━━━ Task inputs

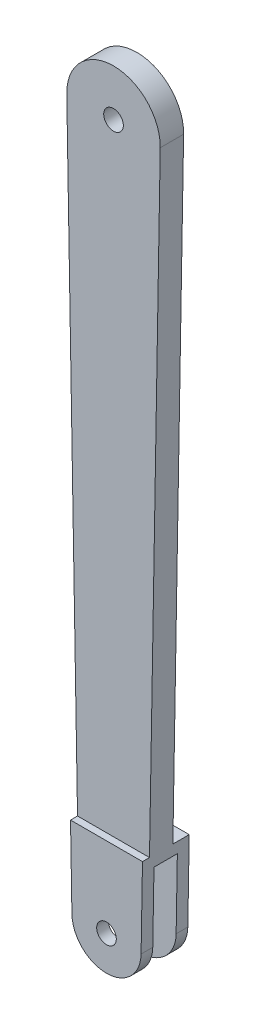
ISO-10303-21;
HEADER;
FILE_DESCRIPTION(('STEP AP214'),'2;1');
FILE_NAME('part.step','',(''),(''),'','','');
FILE_SCHEMA(('AUTOMOTIVE_DESIGN { 1 0 10303 214 1 1 1 1 }'));
ENDSEC;
DATA;
#1=APPLICATION_CONTEXT('core data for automotive mechanical design processes');
#2=APPLICATION_PROTOCOL_DEFINITION('international standard','automotive_design',2000,#1);
#3=PRODUCT_CONTEXT('',#1,'mechanical');
#4=PRODUCT('Part','Part','',(#3));
#5=PRODUCT_RELATED_PRODUCT_CATEGORY('part','',(#4));
#6=PRODUCT_DEFINITION_FORMATION('','',#4);
#7=PRODUCT_DEFINITION_CONTEXT('part definition',#1,'design');
#8=PRODUCT_DEFINITION('design','',#6,#7);
#9=PRODUCT_DEFINITION_SHAPE('','',#8);
#10=(LENGTH_UNIT() NAMED_UNIT(*) SI_UNIT(.MILLI.,.METRE.));
#11=(NAMED_UNIT(*) PLANE_ANGLE_UNIT() SI_UNIT($,.RADIAN.));
#12=(NAMED_UNIT(*) SI_UNIT($,.STERADIAN.) SOLID_ANGLE_UNIT());
#13=UNCERTAINTY_MEASURE_WITH_UNIT(LENGTH_MEASURE(1.E-05),#10,'distance_accuracy_value','');
#14=(GEOMETRIC_REPRESENTATION_CONTEXT(3) GLOBAL_UNCERTAINTY_ASSIGNED_CONTEXT((#13)) GLOBAL_UNIT_ASSIGNED_CONTEXT((#10,
#11,#12)) REPRESENTATION_CONTEXT('',''));
#15=CARTESIAN_POINT('',(0.,0.,0.));
#16=DIRECTION('',(0.,0.,1.));
#17=DIRECTION('',(1.,0.,0.));
#18=AXIS2_PLACEMENT_3D('',#15,#16,#17);
#19=CARTESIAN_POINT('',(8.6986929684867,-0.150799999999997,2.5));
#20=DIRECTION('',(0.999849766492724,-0.017333333333333,0.));
#21=DIRECTION('',(0.017333333333333,0.999849766492725,0.));
#22=AXIS2_PLACEMENT_3D('',#19,#20,#21);
#23=PLANE('',#22);
#24=DIRECTION('',(0.,0.,1.));
#25=VECTOR('',#24,1.);
#26=CARTESIAN_POINT('',(7.39888827204619,-75.1282666666667,-10.));
#27=LINE('',#26,#25);
#28=CARTESIAN_POINT('',(7.39888827204619,-75.1282666666667,-6.));
#29=VERTEX_POINT('',#28);
#30=CARTESIAN_POINT('',(7.39888827204618,-75.1282666666667,-3.5));
#31=VERTEX_POINT('',#30);
#32=EDGE_CURVE('E149',#29,#31,#27,.T.);
#33=ORIENTED_EDGE('',*,*,#32,.F.);
#34=DIRECTION('',(-0.017333333333333,-0.999849766492725,0.));
#35=VECTOR('',#34,1.);
#36=CARTESIAN_POINT('',(8.6986929684867,-0.150799999999997,-6.));
#37=LINE('',#36,#35);
#38=CARTESIAN_POINT('',(7.69841209667576,-57.8506420831153,-6.));
#39=VERTEX_POINT('',#38);
#40=EDGE_CURVE('E58',#39,#29,#37,.T.);
#41=ORIENTED_EDGE('',*,*,#40,.F.);
#42=DIRECTION('',(0.,0.,1.));
#43=VECTOR('',#42,1.);
#44=CARTESIAN_POINT('',(7.69841209667576,-57.8506420831153,-10.));
#45=LINE('',#44,#43);
#46=CARTESIAN_POINT('',(7.69841209667576,-57.8506420831153,-2.5));
#47=VERTEX_POINT('',#46);
#48=EDGE_CURVE('E211',#39,#47,#45,.T.);
#49=ORIENTED_EDGE('',*,*,#48,.T.);
#50=DIRECTION('',(-0.017333333333333,-0.999849766492725,0.));
#51=VECTOR('',#50,1.);
#52=CARTESIAN_POINT('',(8.6986929684867,-0.150799999999997,-2.5));
#53=LINE('',#52,#51);
#54=CARTESIAN_POINT('',(9.99849766492722,74.8266666666667,-2.5));
#55=VERTEX_POINT('',#54);
#56=EDGE_CURVE('E170',#55,#47,#53,.T.);
#57=ORIENTED_EDGE('',*,*,#56,.F.);
#58=DIRECTION('',(0.,0.,-1.));
#59=VECTOR('',#58,1.);
#60=CARTESIAN_POINT('',(9.99849766492722,74.8266666666667,2.5));
#61=LINE('',#60,#59);
#62=CARTESIAN_POINT('',(9.99849766492722,74.8266666666667,2.5));
#63=VERTEX_POINT('',#62);
#64=EDGE_CURVE('E178',#63,#55,#61,.T.);
#65=ORIENTED_EDGE('',*,*,#64,.F.);
#66=DIRECTION('',(-0.017333333333333,-0.999849766492725,0.));
#67=VECTOR('',#66,1.);
#68=CARTESIAN_POINT('',(8.6986929684867,-0.150799999999997,2.5));
#69=LINE('',#68,#67);
#70=CARTESIAN_POINT('',(7.69841209667576,-57.8506420831153,2.5));
#71=VERTEX_POINT('',#70);
#72=EDGE_CURVE('E157',#63,#71,#69,.T.);
#73=ORIENTED_EDGE('',*,*,#72,.T.);
#74=CARTESIAN_POINT('',(7.69841209667576,-57.8506420831153,4.));
#75=VERTEX_POINT('',#74);
#76=EDGE_CURVE('E212',#71,#75,#45,.T.);
#77=ORIENTED_EDGE('',*,*,#76,.T.);
#78=DIRECTION('',(-0.017333333333333,-0.999849766492725,0.));
#79=VECTOR('',#78,1.);
#80=CARTESIAN_POINT('',(8.6986929684867,-0.150799999999997,4.));
#81=LINE('',#80,#79);
#82=CARTESIAN_POINT('',(7.39888827204619,-75.1282666666667,4.));
#83=VERTEX_POINT('',#82);
#84=EDGE_CURVE('E205',#75,#83,#81,.T.);
#85=ORIENTED_EDGE('',*,*,#84,.T.);
#86=CARTESIAN_POINT('',(7.39888827204618,-75.1282666666667,1.50000000000001));
#87=VERTEX_POINT('',#86);
#88=EDGE_CURVE('E146',#87,#83,#27,.T.);
#89=ORIENTED_EDGE('',*,*,#88,.F.);
#90=DIRECTION('',(-0.017333333333333,-0.999849766492725,0.));
#91=VECTOR('',#90,1.);
#92=CARTESIAN_POINT('',(8.6986929684867,-0.150799999999997,1.49999999999997));
#93=LINE('',#92,#91);
#94=CARTESIAN_POINT('',(7.6585339990367,-60.1509559261494,1.5));
#95=VERTEX_POINT('',#94);
#96=EDGE_CURVE('E190',#95,#87,#93,.T.);
#97=ORIENTED_EDGE('',*,*,#96,.F.);
#98=DIRECTION('',(0.,0.,1.));
#99=VECTOR('',#98,1.);
#100=CARTESIAN_POINT('',(7.6585339990367,-60.1509559261494,2.5));
#101=LINE('',#100,#99);
#102=CARTESIAN_POINT('',(7.6585339990367,-60.1509559261494,-3.5));
#103=VERTEX_POINT('',#102);
#104=EDGE_CURVE('E189',#103,#95,#101,.T.);
#105=ORIENTED_EDGE('',*,*,#104,.F.);
#106=DIRECTION('',(0.017333333333333,0.999849766492725,0.));
#107=VECTOR('',#106,1.);
#108=CARTESIAN_POINT('',(8.6986929684867,-0.150799999999998,-3.50000000000001));
#109=LINE('',#108,#107);
#110=EDGE_CURVE('E183',#31,#103,#109,.T.);
#111=ORIENTED_EDGE('',*,*,#110,.F.);
#112=EDGE_LOOP('',(#33,#41,#49,#57,#65,#73,#77,#85,#89,#97,#105,#111));
#113=FACE_BOUND('',#112,.T.);
#114=ADVANCED_FACE('F43',(#113),#23,.T.);
#115=CARTESIAN_POINT('',(-8.69869296848671,-0.150800000000002,2.5));
#116=DIRECTION('',(0.999849766492724,0.0173333333333336,0.));
#117=DIRECTION('',(-0.0173333333333336,0.999849766492725,0.));
#118=AXIS2_PLACEMENT_3D('',#115,#116,#117);
#119=PLANE('',#118);
#120=DIRECTION('',(-0.0173333333333336,0.999849766492725,0.));
#121=VECTOR('',#120,1.);
#122=CARTESIAN_POINT('',(-8.69869296848671,-0.150800000000002,-6.));
#123=LINE('',#122,#121);
#124=CARTESIAN_POINT('',(-7.39888827204615,-75.1282666666667,-6.));
#125=VERTEX_POINT('',#124);
#126=CARTESIAN_POINT('',(-7.69841209667573,-57.8506420831153,-6.));
#127=VERTEX_POINT('',#126);
#128=EDGE_CURVE('E132',#125,#127,#123,.T.);
#129=ORIENTED_EDGE('',*,*,#128,.F.);
#130=DIRECTION('',(0.,0.,1.));
#131=VECTOR('',#130,1.);
#132=CARTESIAN_POINT('',(-7.39888827204615,-75.1282666666667,-10.));
#133=LINE('',#132,#131);
#134=CARTESIAN_POINT('',(-7.39888827204615,-75.1282666666667,-3.5));
#135=VERTEX_POINT('',#134);
#136=EDGE_CURVE('E66',#125,#135,#133,.T.);
#137=ORIENTED_EDGE('',*,*,#136,.T.);
#138=DIRECTION('',(0.0173333333333336,-0.999849766492725,0.));
#139=VECTOR('',#138,1.);
#140=CARTESIAN_POINT('',(-7.65393207105147,-60.4164118850773,-3.5));
#141=LINE('',#140,#139);
#142=CARTESIAN_POINT('',(-7.65393207105147,-60.4164118850773,-3.5));
#143=VERTEX_POINT('',#142);
#144=EDGE_CURVE('E185',#143,#135,#141,.T.);
#145=ORIENTED_EDGE('',*,*,#144,.F.);
#146=DIRECTION('',(0.,0.,-1.));
#147=VECTOR('',#146,1.);
#148=CARTESIAN_POINT('',(-7.65393207105147,-60.4164118850773,1.5));
#149=LINE('',#148,#147);
#150=CARTESIAN_POINT('',(-7.65393207105147,-60.4164118850773,1.5));
#151=VERTEX_POINT('',#150);
#152=EDGE_CURVE('E240',#151,#143,#149,.T.);
#153=ORIENTED_EDGE('',*,*,#152,.F.);
#154=DIRECTION('',(-0.0173333333333336,0.999849766492725,0.));
#155=VECTOR('',#154,1.);
#156=CARTESIAN_POINT('',(-7.65393207105147,-60.4164118850773,1.5));
#157=LINE('',#156,#155);
#158=CARTESIAN_POINT('',(-7.39888827204615,-75.1282666666667,1.50000000000001));
#159=VERTEX_POINT('',#158);
#160=EDGE_CURVE('E231',#159,#151,#157,.T.);
#161=ORIENTED_EDGE('',*,*,#160,.F.);
#162=CARTESIAN_POINT('',(-7.39888827204615,-75.1282666666667,4.));
#163=VERTEX_POINT('',#162);
#164=EDGE_CURVE('E147',#159,#163,#133,.T.);
#165=ORIENTED_EDGE('',*,*,#164,.T.);
#166=DIRECTION('',(0.0173333333333336,-0.999849766492725,0.));
#167=VECTOR('',#166,1.);
#168=CARTESIAN_POINT('',(-8.69869296848671,-0.150800000000002,4.));
#169=LINE('',#168,#167);
#170=CARTESIAN_POINT('',(-7.69841209667573,-57.8506420831153,4.));
#171=VERTEX_POINT('',#170);
#172=EDGE_CURVE('E199',#171,#163,#169,.T.);
#173=ORIENTED_EDGE('',*,*,#172,.F.);
#174=DIRECTION('',(0.,0.,1.));
#175=VECTOR('',#174,1.);
#176=CARTESIAN_POINT('',(-7.69841209667573,-57.8506420831153,-10.));
#177=LINE('',#176,#175);
#178=CARTESIAN_POINT('',(-7.69841209667573,-57.8506420831153,2.5));
#179=VERTEX_POINT('',#178);
#180=EDGE_CURVE('E210',#179,#171,#177,.T.);
#181=ORIENTED_EDGE('',*,*,#180,.F.);
#182=DIRECTION('',(0.0173333333333336,-0.999849766492725,0.));
#183=VECTOR('',#182,1.);
#184=CARTESIAN_POINT('',(-8.69869296848671,-0.150800000000002,2.5));
#185=LINE('',#184,#183);
#186=CARTESIAN_POINT('',(-9.99849766492727,74.8266666666667,2.5));
#187=VERTEX_POINT('',#186);
#188=EDGE_CURVE('E163',#187,#179,#185,.T.);
#189=ORIENTED_EDGE('',*,*,#188,.F.);
#190=DIRECTION('',(0.,0.,-1.));
#191=VECTOR('',#190,1.);
#192=CARTESIAN_POINT('',(-9.99849766492727,74.8266666666667,2.5));
#193=LINE('',#192,#191);
#194=CARTESIAN_POINT('',(-9.99849766492727,74.8266666666667,-2.5));
#195=VERTEX_POINT('',#194);
#196=EDGE_CURVE('E166',#187,#195,#193,.T.);
#197=ORIENTED_EDGE('',*,*,#196,.T.);
#198=DIRECTION('',(0.0173333333333336,-0.999849766492725,0.));
#199=VECTOR('',#198,1.);
#200=CARTESIAN_POINT('',(-8.69869296848671,-0.150800000000002,-2.5));
#201=LINE('',#200,#199);
#202=CARTESIAN_POINT('',(-7.69841209667573,-57.8506420831153,-2.5));
#203=VERTEX_POINT('',#202);
#204=EDGE_CURVE('E158',#195,#203,#201,.T.);
#205=ORIENTED_EDGE('',*,*,#204,.T.);
#206=EDGE_CURVE('E140',#127,#203,#177,.T.);
#207=ORIENTED_EDGE('',*,*,#206,.F.);
#208=EDGE_LOOP('',(#129,#137,#145,#153,#161,#165,#173,#181,#189,#197,#205,#207));
#209=FACE_BOUND('',#208,.T.);
#210=ADVANCED_FACE('F138',(#209),#119,.F.);
#211=CARTESIAN_POINT('',(0.,-57.8506420831153,-10.));
#212=DIRECTION('',(0.,-1.,0.));
#213=DIRECTION('',(1.,0.,0.));
#214=AXIS2_PLACEMENT_3D('',#211,#212,#213);
#215=PLANE('',#214);
#216=DIRECTION('',(1.,0.,0.));
#217=VECTOR('',#216,1.);
#218=CARTESIAN_POINT('',(0.,-57.8506420831153,-6.));
#219=LINE('',#218,#217);
#220=EDGE_CURVE('E141',#127,#39,#219,.T.);
#221=ORIENTED_EDGE('',*,*,#220,.F.);
#222=ORIENTED_EDGE('',*,*,#206,.T.);
#223=DIRECTION('',(1.,0.,0.));
#224=VECTOR('',#223,1.);
#225=CARTESIAN_POINT('',(0.,-57.8506420831153,-2.5));
#226=LINE('',#225,#224);
#227=EDGE_CURVE('E167',#203,#47,#226,.T.);
#228=ORIENTED_EDGE('',*,*,#227,.T.);
#229=ORIENTED_EDGE('',*,*,#48,.F.);
#230=EDGE_LOOP('',(#221,#222,#228,#229));
#231=FACE_BOUND('',#230,.T.);
#232=ADVANCED_FACE('F277',(#231),#215,.F.);
#233=CARTESIAN_POINT('',(0.,-75.,-10.));
#234=DIRECTION('',(0.,0.,1.));
#235=DIRECTION('',(1.,0.,0.));
#236=AXIS2_PLACEMENT_3D('',#233,#234,#235);
#237=CYLINDRICAL_SURFACE('',#236,7.4);
#238=ORIENTED_EDGE('',*,*,#136,.F.);
#239=CARTESIAN_POINT('',(0.,-75.,-6.));
#240=DIRECTION('',(0.,0.,-1.));
#241=DIRECTION('',(-1.,0.,0.));
#242=AXIS2_PLACEMENT_3D('',#239,#240,#241);
#243=CIRCLE('',#242,7.4);
#244=EDGE_CURVE('E130',#29,#125,#243,.T.);
#245=ORIENTED_EDGE('',*,*,#244,.F.);
#246=ORIENTED_EDGE('',*,*,#32,.T.);
#247=CARTESIAN_POINT('',(0.,-75.,-3.5));
#248=DIRECTION('',(0.,0.,-1.));
#249=DIRECTION('',(0.,1.,0.));
#250=AXIS2_PLACEMENT_3D('',#247,#248,#249);
#251=CIRCLE('',#250,7.4);
#252=EDGE_CURVE('E51',#135,#31,#251,.F.);
#253=ORIENTED_EDGE('',*,*,#252,.F.);
#254=EDGE_LOOP('',(#238,#245,#246,#253));
#255=FACE_BOUND('',#254,.T.);
#256=ADVANCED_FACE('F144',(#255),#237,.T.);
#257=CARTESIAN_POINT('',(0.,-75.,1.50000000000001));
#258=DIRECTION('',(0.,0.,1.));
#259=DIRECTION('',(0.,-1.,0.));
#260=AXIS2_PLACEMENT_3D('',#257,#258,#259);
#261=CIRCLE('',#260,7.4);
#262=EDGE_CURVE('E11',#87,#159,#261,.F.);
#263=ORIENTED_EDGE('',*,*,#262,.F.);
#264=ORIENTED_EDGE('',*,*,#88,.T.);
#265=CARTESIAN_POINT('',(0.,-75.,4.));
#266=DIRECTION('',(0.,0.,1.));
#267=DIRECTION('',(1.,0.,0.));
#268=AXIS2_PLACEMENT_3D('',#265,#266,#267);
#269=CIRCLE('',#268,7.4);
#270=EDGE_CURVE('E202',#163,#83,#269,.T.);
#271=ORIENTED_EDGE('',*,*,#270,.F.);
#272=ORIENTED_EDGE('',*,*,#164,.F.);
#273=EDGE_LOOP('',(#263,#264,#271,#272));
#274=FACE_BOUND('',#273,.T.);
#275=ADVANCED_FACE('F234',(#274),#237,.T.);
#276=CARTESIAN_POINT('',(0.,75.,2.5));
#277=DIRECTION('',(0.,0.,-1.));
#278=DIRECTION('',(-1.,0.,0.));
#279=AXIS2_PLACEMENT_3D('',#276,#277,#278);
#280=CYLINDRICAL_SURFACE('',#279,10.);
#281=CARTESIAN_POINT('',(0.,75.,-2.5));
#282=DIRECTION('',(0.,0.,1.));
#283=DIRECTION('',(1.,0.,0.));
#284=AXIS2_PLACEMENT_3D('',#281,#282,#283);
#285=CIRCLE('',#284,10.);
#286=EDGE_CURVE('E173',#55,#195,#285,.T.);
#287=ORIENTED_EDGE('',*,*,#286,.T.);
#288=ORIENTED_EDGE('',*,*,#196,.F.);
#289=CARTESIAN_POINT('',(0.,75.,2.5));
#290=DIRECTION('',(0.,0.,1.));
#291=DIRECTION('',(1.,0.,0.));
#292=AXIS2_PLACEMENT_3D('',#289,#290,#291);
#293=CIRCLE('',#292,10.);
#294=EDGE_CURVE('E161',#63,#187,#293,.T.);
#295=ORIENTED_EDGE('',*,*,#294,.F.);
#296=ORIENTED_EDGE('',*,*,#64,.T.);
#297=EDGE_LOOP('',(#287,#288,#295,#296));
#298=FACE_BOUND('',#297,.T.);
#299=ADVANCED_FACE('F290',(#298),#280,.T.);
#300=CARTESIAN_POINT('',(0.,0.,2.5));
#301=DIRECTION('',(0.,0.,1.));
#302=DIRECTION('',(1.,0.,0.));
#303=AXIS2_PLACEMENT_3D('',#300,#301,#302);
#304=PLANE('',#303);
#305=CARTESIAN_POINT('',(0.,75.,2.5));
#306=DIRECTION('',(0.,0.,1.));
#307=DIRECTION('',(1.,0.,0.));
#308=AXIS2_PLACEMENT_3D('',#305,#306,#307);
#309=CIRCLE('',#308,2.1);
#310=CARTESIAN_POINT('',(2.09999999999997,75.,2.5));
#311=VERTEX_POINT('',#310);
#312=EDGE_CURVE('E247',#311,#311,#309,.T.);
#313=ORIENTED_EDGE('',*,*,#312,.F.);
#314=EDGE_LOOP('',(#313));
#315=FACE_BOUND('',#314,.T.);
#316=DIRECTION('',(1.,0.,0.));
#317=VECTOR('',#316,1.);
#318=CARTESIAN_POINT('',(0.,-57.8506420831153,2.5));
#319=LINE('',#318,#317);
#320=EDGE_CURVE('E154',#179,#71,#319,.T.);
#321=ORIENTED_EDGE('',*,*,#320,.T.);
#322=ORIENTED_EDGE('',*,*,#72,.F.);
#323=ORIENTED_EDGE('',*,*,#294,.T.);
#324=ORIENTED_EDGE('',*,*,#188,.T.);
#325=EDGE_LOOP('',(#321,#322,#323,#324));
#326=FACE_BOUND('',#325,.T.);
#327=ADVANCED_FACE('F292',(#315,#326),#304,.T.);
#328=CARTESIAN_POINT('',(0.,0.,-2.5));
#329=DIRECTION('',(0.,0.,1.));
#330=DIRECTION('',(1.,0.,0.));
#331=AXIS2_PLACEMENT_3D('',#328,#329,#330);
#332=PLANE('',#331);
#333=CARTESIAN_POINT('',(0.,75.,-2.5));
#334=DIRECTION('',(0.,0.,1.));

━━━━━━

[Exercise instructions]
Everything from the top line of the data down to and including the line with "#33=ORIENTED_EDGE('',*,*,#32,.F.);" is to be copied, except the pictures.

[The answer]
ISO-10303-21;
HEADER;
FILE_DESCRIPTION(('STEP AP214'),'2;1');
FILE_NAME('part.step','',(''),(''),'','','');
FILE_SCHEMA(('AUTOMOTIVE_DESIGN { 1 0 10303 214 1 1 1 1 }'));
ENDSEC;
DATA;
#1=APPLICATION_CONTEXT('core data for automotive mechanical design processes');
#2=APPLICATION_PROTOCOL_DEFINITION('international standard','automotive_design',2000,#1);
#3=PRODUCT_CONTEXT('',#1,'mechanical');
#4=PRODUCT('Part','Part','',(#3));
#5=PRODUCT_RELATED_PRODUCT_CATEGORY('part','',(#4));
#6=PRODUCT_DEFINITION_FORMATION('','',#4);
#7=PRODUCT_DEFINITION_CONTEXT('part definition',#1,'design');
#8=PRODUCT_DEFINITION('design','',#6,#7);
#9=PRODUCT_DEFINITION_SHAPE('','',#8);
#10=(LENGTH_UNIT() NAMED_UNIT(*) SI_UNIT(.MILLI.,.METRE.));
#11=(NAMED_UNIT(*) PLANE_ANGLE_UNIT() SI_UNIT($,.RADIAN.));
#12=(NAMED_UNIT(*) SI_UNIT($,.STERADIAN.) SOLID_ANGLE_UNIT());
#13=UNCERTAINTY_MEASURE_WITH_UNIT(LENGTH_MEASURE(1.E-05),#10,'distance_accuracy_value','');
#14=(GEOMETRIC_REPRESENTATION_CONTEXT(3) GLOBAL_UNCERTAINTY_ASSIGNED_CONTEXT((#13)) GLOBAL_UNIT_ASSIGNED_CONTEXT((#10,
#11,#12)) REPRESENTATION_CONTEXT('',''));
#15=CARTESIAN_POINT('',(0.,0.,0.));
#16=DIRECTION('',(0.,0.,1.));
#17=DIRECTION('',(1.,0.,0.));
#18=AXIS2_PLACEMENT_3D('',#15,#16,#17);
#19=CARTESIAN_POINT('',(8.6986929684867,-0.150799999999997,2.5));
#20=DIRECTION('',(0.999849766492724,-0.017333333333333,0.));
#21=DIRECTION('',(0.017333333333333,0.999849766492725,0.));
#22=AXIS2_PLACEMENT_3D('',#19,#20,#21);
#23=PLANE('',#22);
#24=DIRECTION('',(0.,0.,1.));
#25=VECTOR('',#24,1.);
#26=CARTESIAN_POINT('',(7.39888827204619,-75.1282666666667,-10.));
#27=LINE('',#26,#25);
#28=CARTESIAN_POINT('',(7.39888827204619,-75.1282666666667,-6.));
#29=VERTEX_POINT('',#28);
#30=CARTESIAN_POINT('',(7.39888827204618,-75.1282666666667,-3.5));
#31=VERTEX_POINT('',#30);
#32=EDGE_CURVE('E149',#29,#31,#27,.T.);
#33=ORIENTED_EDGE('',*,*,#32,.F.);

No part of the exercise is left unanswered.